Goldkäferchen schrieb:


> Hallo, Gunnar,
> Sieht toll aus, richtig romantisch!
> Fehlt nur noch 'ne kleine Wassernixe, die aus dem Teich steigt!



_Danke Goldkäferchen...da hast du RECHT.
Leider hält so ein schöner Moment der Stimmung nicht all zu lange an...da sollte die Cam. immer in der Nähe sein...
..upps, du hast ja auch ne 16er PLZ_


----------



## Goldkäferchen (9. Apr. 2014)

Hallo, Gunnar
[_..upps, du hast ja auch ne 16er PLZ_[/QUOTE]
Ja, willkommen im Club, bin nur etwas näher dran an Berlin. (OHV)
LG
Goldkäferchen


----------



## mitch (10. Apr. 2014)

Hallo Gunnar,

du hast mal wieder ne tolle Stimmung eingefangen, da macht es dann bestimmt richtig Freude so ein schönes Fleckchen vor der Haustüre zu haben


----------



## mitch (10. Apr. 2014)

... hier hab ich auch noch ein paar Bilder der letzten 3 Wochen


----------



## Justus1 (24. Apr. 2014)

wow klasse Bilder, was hast du für eine Camera mitch?


----------



## mitch (24. Apr. 2014)

Hallo Justus,

Nikon D90, meistens hab ich dann das AF S nikor 28-300 drauf

zum panorama stichen nehme ich Microsoft Research Image Composite Editor (ICE)


----------



## mitch (22. Mai 2014)

... neulich, aus dem Dachfenster


----------



## Geisy (10. Juni 2014)

von gestern Abend......


----------



## Sternenstaub (10. Juni 2014)

Hallo Norbert,
da ist dir ein Hammerbild gelungen ich bin hin und weg SUPER!!!!!!!!!!

LG Geli


----------



## mitch (10. Juni 2014)

hi Norbert,  klasse Bild


und heut war es bei uns

kurz davor
 

und dann die Blitze, die sich immer nicht fotografieren lassen wollen


----------



## Geisy (13. Juni 2014)

So war es gestern..


----------



## Gunnar (17. Juli 2014)

...konnte gestern abend auf dem UnterSee in Kyritz beim angeln diesen tollen Sonnenuntergang beobachten...leider nur mit nem Smartphone aufgenommen


----------



## seppl (17. Juli 2014)

Bild vom 13.07.2014 , schaut aus als käme ein Gewitter, hatte sich aber wieder verzogen.
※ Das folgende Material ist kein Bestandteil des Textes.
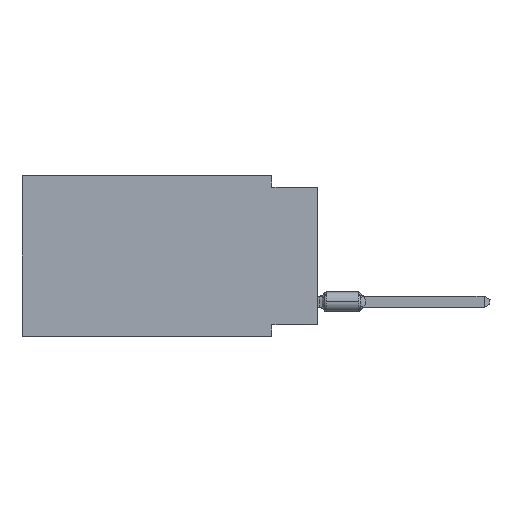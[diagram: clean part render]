
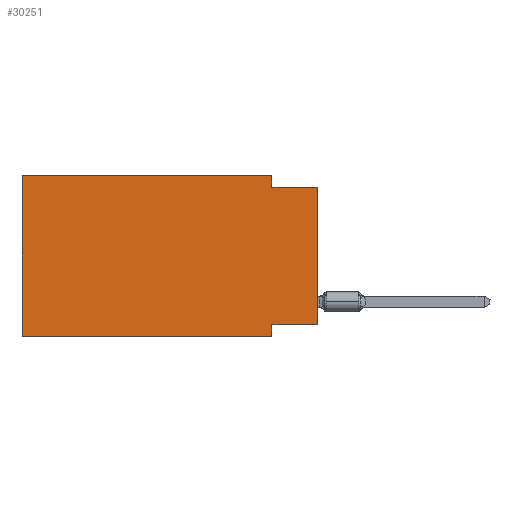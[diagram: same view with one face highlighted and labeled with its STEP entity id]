
A CAD part, left-side view. The second image highlights one B-rep face of the part: STEP entity #30251.
In plain terms, the highlighted planar face has unit normal (-1, 0, 0).
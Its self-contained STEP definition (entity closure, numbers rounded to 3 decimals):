
#2122 = LINE ( 'NONE', #49911, #37648 ) ;
#3896 = ORIENTED_EDGE ( 'NONE', *, *, #46814, .F. ) ;
#4389 = CARTESIAN_POINT ( 'NONE',  ( 0., 0., 0. ) ) ;
#5090 = CARTESIAN_POINT ( 'NONE',  ( 0., 0., -8.255 ) ) ;
#5510 = VERTEX_POINT ( 'NONE', #52573 ) ;
#5861 = EDGE_CURVE ( 'NONE', #52624, #14573, #12186, .T. ) ;
#6586 = CARTESIAN_POINT ( 'NONE',  ( 0., 2.54, -0.635 ) ) ;
#6987 = EDGE_CURVE ( 'NONE', #14573, #35007, #31840, .T. ) ;
#7119 = DIRECTION ( 'NONE',  ( 0., -1., 0. ) ) ;
#7834 = CARTESIAN_POINT ( 'NONE',  ( 0., 2.54, 0. ) ) ;
#7902 = ORIENTED_EDGE ( 'NONE', *, *, #54476, .F. ) ;
#10353 = VERTEX_POINT ( 'NONE', #42346 ) ;
#12186 = LINE ( 'NONE', #7834, #50262 ) ;
#14573 = VERTEX_POINT ( 'NONE', #6586 ) ;
#15854 = EDGE_LOOP ( 'NONE', ( #52054, #46716, #55106, #3896, #28572, #55254, #28041, #7902 ) ) ;
#18402 = CARTESIAN_POINT ( 'NONE',  ( 0., 0., -0.635 ) ) ;
#19715 = CARTESIAN_POINT ( 'NONE',  ( 0., 16.383, -8.89 ) ) ;
#20216 = LINE ( 'NONE', #28685, #45082 ) ;
#21131 = DIRECTION ( 'NONE',  ( 1., 0., 0. ) ) ;
#23354 = CARTESIAN_POINT ( 'NONE',  ( 0., 16.383, 0. ) ) ;
#24424 = DIRECTION ( 'NONE',  ( 0., 0., 1. ) ) ;
#27110 = DIRECTION ( 'NONE',  ( 0., 0., -1. ) ) ;
#27769 = VERTEX_POINT ( 'NONE', #19715 ) ;
#28041 = ORIENTED_EDGE ( 'NONE', *, *, #52079, .F. ) ;
#28181 = EDGE_CURVE ( 'NONE', #27769, #5510, #53183, .T. ) ;
#28572 = ORIENTED_EDGE ( 'NONE', *, *, #28181, .F. ) ;
#28685 = CARTESIAN_POINT ( 'NONE',  ( 0., 0., -8.255 ) ) ;
#29584 = VECTOR ( 'NONE', #33365, 1000. ) ;
#29917 = VERTEX_POINT ( 'NONE', #50245 ) ;
#30251 = ADVANCED_FACE ( 'NONE', ( #54574 ), #44902, .F. ) ;
#31203 = CARTESIAN_POINT ( 'NONE',  ( 0., 2.54, -8.89 ) ) ;
#31251 = DIRECTION ( 'NONE',  ( 0., 0., -1. ) ) ;
#31840 = LINE ( 'NONE', #18402, #51241 ) ;
#33365 = DIRECTION ( 'NONE',  ( 0., -1., 0. ) ) ;
#33850 = CARTESIAN_POINT ( 'NONE',  ( 0., 2.54, 0. ) ) ;
#34296 = DIRECTION ( 'NONE',  ( 0., 0., -1. ) ) ;
#35007 = VERTEX_POINT ( 'NONE', #53096 ) ;
#36484 = VECTOR ( 'NONE', #43435, 1000. ) ;
#36811 = LINE ( 'NONE', #31203, #41875 ) ;
#37648 = VECTOR ( 'NONE', #7119, 1000. ) ;
#38823 = CARTESIAN_POINT ( 'NONE',  ( 0., 16.383, 0. ) ) ;
#39309 = CARTESIAN_POINT ( 'NONE',  ( 0., 16.383, 0. ) ) ;
#41875 = VECTOR ( 'NONE', #27110, 1000. ) ;
#42346 = CARTESIAN_POINT ( 'NONE',  ( 0., 2.54, -8.89 ) ) ;
#43365 = DIRECTION ( 'NONE',  ( 0., 1., 0. ) ) ;
#43435 = DIRECTION ( 'NONE',  ( 0., 0., 1. ) ) ;
#44364 = AXIS2_PLACEMENT_3D ( 'NONE', #39309, #21131, #34296 ) ;
#44902 = PLANE ( 'NONE',  #44364 ) ;
#45082 = VECTOR ( 'NONE', #43365, 1000. ) ;
#46306 = EDGE_CURVE ( 'NONE', #50158, #35007, #53105, .T. ) ;
#46716 = ORIENTED_EDGE ( 'NONE', *, *, #6987, .F. ) ;
#46814 = EDGE_CURVE ( 'NONE', #5510, #52624, #49197, .T. ) ;
#49197 = LINE ( 'NONE', #23354, #29584 ) ;
#49911 = CARTESIAN_POINT ( 'NONE',  ( 0., 16.383, -8.89 ) ) ;
#50158 = VERTEX_POINT ( 'NONE', #5090 ) ;
#50245 = CARTESIAN_POINT ( 'NONE',  ( 0., 2.54, -8.255 ) ) ;
#50262 = VECTOR ( 'NONE', #31251, 1000. ) ;
#51193 = DIRECTION ( 'NONE',  ( 0., -1., 0. ) ) ;
#51241 = VECTOR ( 'NONE', #51193, 1000. ) ;
#52054 = ORIENTED_EDGE ( 'NONE', *, *, #46306, .T. ) ;
#52079 = EDGE_CURVE ( 'NONE', #29917, #10353, #36811, .T. ) ;
#52573 = CARTESIAN_POINT ( 'NONE',  ( 0., 16.383, 0. ) ) ;
#52624 = VERTEX_POINT ( 'NONE', #33850 ) ;
#53096 = CARTESIAN_POINT ( 'NONE',  ( 0., 0., -0.635 ) ) ;
#53105 = LINE ( 'NONE', #4389, #36484 ) ;
#53183 = LINE ( 'NONE', #38823, #53280 ) ;
#53280 = VECTOR ( 'NONE', #24424, 1000. ) ;
#54476 = EDGE_CURVE ( 'NONE', #50158, #29917, #20216, .T. ) ;
#54574 = FACE_OUTER_BOUND ( 'NONE', #15854, .T. ) ;
#55106 = ORIENTED_EDGE ( 'NONE', *, *, #5861, .F. ) ;
#55254 = ORIENTED_EDGE ( 'NONE', *, *, #60452, .T. ) ;
#60452 = EDGE_CURVE ( 'NONE', #27769, #10353, #2122, .T. ) ;

Grüße Marion


----------



## Wie_der_Eisbaer (24. Juli 2014)

Gestern Abend, 21:15 Blick über das Kinzigtal
      

Leider nur das Smartphone dabei gehabt...

Viele Grüße, Knut


----------



## Annett (11. Aug. 2014)

Hallo,

dieser Sonnenuntergang ist zwar schon etwas über 2 Monate alt, aber beim Sichten der Bilder war ich plötzlich wieder vor Ort... irgendwie. 
 

Ich denke, damit habe ich endlich DEN Sonnenuntergang festgehalten, der seit vielen Jahren als großes Bild über unser Sofa soll.


----------



## DbSam (13. Okt. 2014)

Hallo zusammen,

ich hätte da auch ein paar 'Sönnlein Brillant' beizusteuern:
       

Gruß Carsten


----------



## Digicat (13. Okt. 2014)

Sehr sehr schöne Sonnenuntergänge bzw. Aufgänge ...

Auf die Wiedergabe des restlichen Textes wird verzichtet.